Estate planning is dead — Long live retirement planning!Blog added by Nicholas Paleveda MBA J.D. LL.M on July 17, 2013
Nick Paleveda MBA J.D. LL.M

Nicholas Paleveda MBA J.D. LL.M

Sanford, NC

Joined: March 27, 2012

Estate planning

In the year 1981, estate planning and second-to-die life insurance was in its infancy. The Economic Recovery Tax Act (ERTA) allowed an unlimited marital deduction between husband and wife for estate taxes. The first $175,000 was exempt from taxes, and life insurance in an irrevocable insurance trust would escape the 70 percent federal estate tax. Clients lined up to purchase second-to-die life insurance, as it could escape the federal estate tax, federal gift tax and federal income tax. Life insurance companies started offering second-to-die policies. Insurance agents did well in selling second-to-die policies and became estate planners.

The demise of estate planning

Then came the Economic Growth and Tax Relief Reconciliation Act (EGTRRA) in 2001. The estate tax exemption rose to 3.5 million and was eliminated in 2010. The number of estate tax returns fell from 50,000 in 2001 to 1,760 in 2011. Second-to-die? Who needs it?

Then came the American Taxpayer Relief Act in 2012. Today the exemption amount is $5,250,000. With a married couple it is $10,500,000. Life insurance trusts are dead for most Americans.

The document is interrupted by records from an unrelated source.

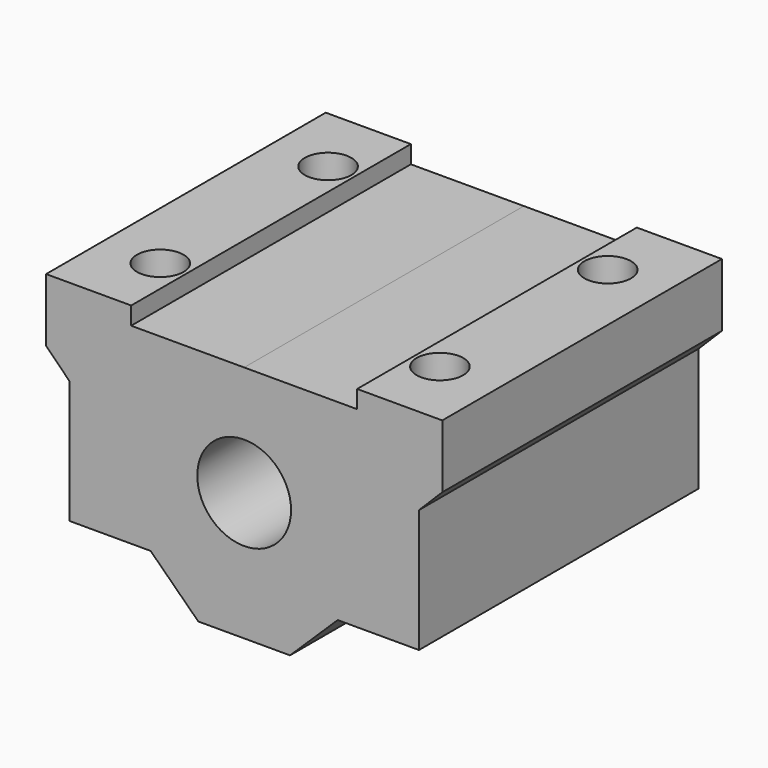
from build123d import *

# Parameters (mm, degrees)
F0_R          = 4.025
F1_DEPTH      = 30
F2_R          = 2
F3_DEPTH      = 10.9999993406
F3_DEPTH_BACK = 25


# Not quite as in the source:
# - ends of sketch curves that miss each other by under 0.0002 mm in the source are joined


with BuildPart() as f1:
    # F0 (on Front) → F1 (new body)
    with BuildSketch(Plane.XZ):
        Polygon((-17, 10.9999990659), (-17, 5.5723366328), (-15, 3.5723366328), (-15, -7.0000008242), (-8.0288857139, -7.0000004412), (-3.9351008678, -11.0000002162), (3.022e-07, -11), (3.9351014722, -10.9999997838), (8.0288857139, -7.0000004412), (15, -7.0000008242), (15, 3.5723366328), (17, 5.5723366328), (17, 10.9999990659), (9.6955373869, 10.9999994673), (9.6955373029, 9.4717088947), (8.4e-08, 9.4717094274), (-9.6955373029, 9.4717088947), (-9.6955373869, 10.9999994673), align=None)
        Circle(F0_R, mode=Mode.SUBTRACT)
    extrude(amount=F1_DEPTH)

    # F2 (on Top) → F3 (cut, two sides)
    with BuildSketch(Plane.XY) as f3_sk:
        with Locations((-12, -6)):
            Circle(F2_R)
        with Locations((-12, -24)):
            Circle(F2_R)
        with Locations((12, -6)):
            Circle(F2_R)
        with Locations((12, -24)):
            Circle(F2_R)
    extrude(amount=F3_DEPTH, mode=Mode.SUBTRACT)
    extrude(f3_sk.sketch, amount=-F3_DEPTH_BACK, mode=Mode.SUBTRACT)


solid = f1.part
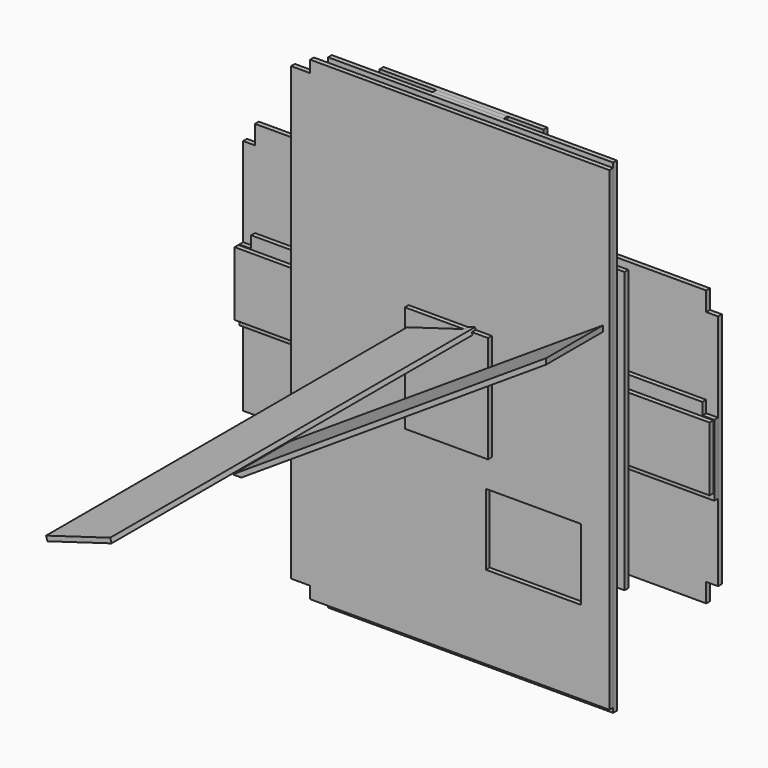
from build123d import *

# Parameters (mm, degrees)
F1_DEPTH  = 20
F3_DEPTH  = 20
F4_W      = 320
F4_H      = 270
F5_DEPTH  = 20
F6_W      = 2000
F6_H      = 270
F7_DEPTH  = 20
F9_DEPTH  = 2040
F10_W     = 1340
F10_H     = 1180
F11_DEPTH = 20
F12_W     = 690
F12_H     = 2040
F13_DEPTH = 20
F14_W     = 300
F14_H     = 2040
F15_DEPTH = 20
F16_W     = 1200
F16_H     = 2040
F17_DEPTH = 20
F18_W     = 0.3014054894
F18_H     = 2000
F18_W_2   = 1200
F19_DEPTH = 20
F20_W     = 400
F20_H     = 300
F21_DEPTH = 25
F22_W     = 350
F22_H     = 450
F23_DEPTH = 20
F25_DEPTH = 300


with BuildPart() as f1:
    # F0 (on Front) → F1 (new body)
    with BuildSketch(Plane.XZ):
        Polygon((950, 500), (950, 580), (-950, 580), (-950, 500), (-1000, 500), (-1000, -500), (-950, -500), (-950, -580), (950, -580), (950, -500), (1000, -500), (1000, 500), align=None)
    extrude(amount=F1_DEPTH)


with BuildPart() as f3:
    # F2 (on face) → F3 (new body)
    with BuildSketch(Plane.XZ.offset(20)):
        Polygon((950, 125), (950, 175), (-950, 175), (-950, 125), (-1000, 125), (-1000, -175), (1000, -175), (1000, 125), align=None)
    extrude(amount=F3_DEPTH)


with BuildPart() as f5:
    # F4 (on face) → F5 (new body)
    with BuildSketch(Plane.XZ.offset(40)):
        Rectangle(F4_W, F4_H)
        Polygon((-160, 135), (160, 135), (160, 215), (110, 215), align=None)
    extrude(amount=F5_DEPTH)


with BuildPart() as f7:
    # F6 (on face) → F7 (new body)
    with BuildSketch(Plane.XZ.offset(60)):
        with Locations((12.1596539393, 0)):
            Rectangle(F6_W, F6_H)
    extrude(amount=F7_DEPTH)


with BuildPart() as f9:
    # F8 (on face) → F9 (new body)
    with BuildSketch(Plane.XZ.offset(60)):
        Polygon((-160, 135), (110, 215), (104.3182334062, 234.1759622542), (-165.6817665938, 154.1759622542), align=None)
    extrude(amount=F9_DEPTH)


with BuildPart() as f11:
    # F10 (on face) → F11 (new body)
    with BuildSketch(Plane.XZ.offset(80)):
        Rectangle(F10_W, F10_H)
    extrude(amount=F11_DEPTH)


with BuildPart() as f13:
    # F12 (on face) → F13 (new body)
    with BuildSketch(Plane.XZ.offset(100)):
        Rectangle(F12_W, F12_H)
    extrude(amount=F13_DEPTH)


with BuildPart() as f15:
    # F14 (on face) → F15 (new body)
    with BuildSketch(Plane.XZ.offset(120)):
        with Locations((43.2888381183, 0)):
            Rectangle(F14_W, F14_H)
    extrude(amount=F15_DEPTH)


with BuildPart() as f17:
    # F16 (on face) → F17 (new body)
    with BuildSketch(Plane.XZ.offset(140)):
        with Locations((69.6985945106, 0)):
            Rectangle(F16_W, F16_H)
    extrude(amount=F17_DEPTH)


with BuildPart() as f19:
    # F18 (on face) → F19 (new body)
    with BuildSketch(Plane.XZ.offset(160)):
        with Locations((669.8492972553, 0)):
            Rectangle(F18_W, F18_H)
        Polygon((-530.3014054894, 1000), (-590, 1000), (-590, 950), (-670, 950), (-670, -950), (-590, -950), (-590, -1000), (-530.3014054894, -1000), align=None)
        with Locations((69.6985945106, 0)):
            Rectangle(F18_W_2, F18_H)
    extrude(amount=F19_DEPTH)

    # F20 (on face) → F21 (cut)
    with BuildSketch(Plane.XZ.offset(180)):
        with Locations((350, -500)):
            Rectangle(F20_W, F20_H)
    extrude(amount=-F21_DEPTH, mode=Mode.SUBTRACT)


with BuildPart() as f23:
    # F22 (on face) → F23 (new body)
    with BuildSketch(Plane.XZ.offset(180)):
        Rectangle(F22_W, F22_H)
    extrude(amount=F23_DEPTH)


with BuildPart() as f25:
    # F24 (on face) → F25 (new body)
    with BuildSketch(Plane.XZ.offset(200)):
        Polygon((660, 430), (-660, -430), (-623.3619430822, -430), (660, 406.129750796), align=None)
    extrude(amount=F25_DEPTH)


solid = Compound([f1.part, f3.part, f5.part, f7.part, f9.part, f11.part, f13.part, f15.part, f17.part, f19.part, f23.part, f25.part])

Long live retirement planning!

But what about income taxes? Payroll taxes begin at dollar one and amount to 15.3 percent of income when you add the employer and employee contribution. Obamacare taxes are 3.8 percent, and federal income taxes rise to 39.6 percent on single filers over $400,000. Pension plans are being set up using life insurance products to minimize income taxes. Life insurance is also used as a supplemental retirement plan. Annuity products are used as they are tax-favored.

If you are a producer today, you must know about the retirement planning industry. Baby boomers — who have not saved enough for retirement — are turning age 65 at a rate of 10,000 people per day. Retirement planning and insurance products used for retirement are totally different then ones used for estate planning. It is now time to become involved with the new wave of retirement planning.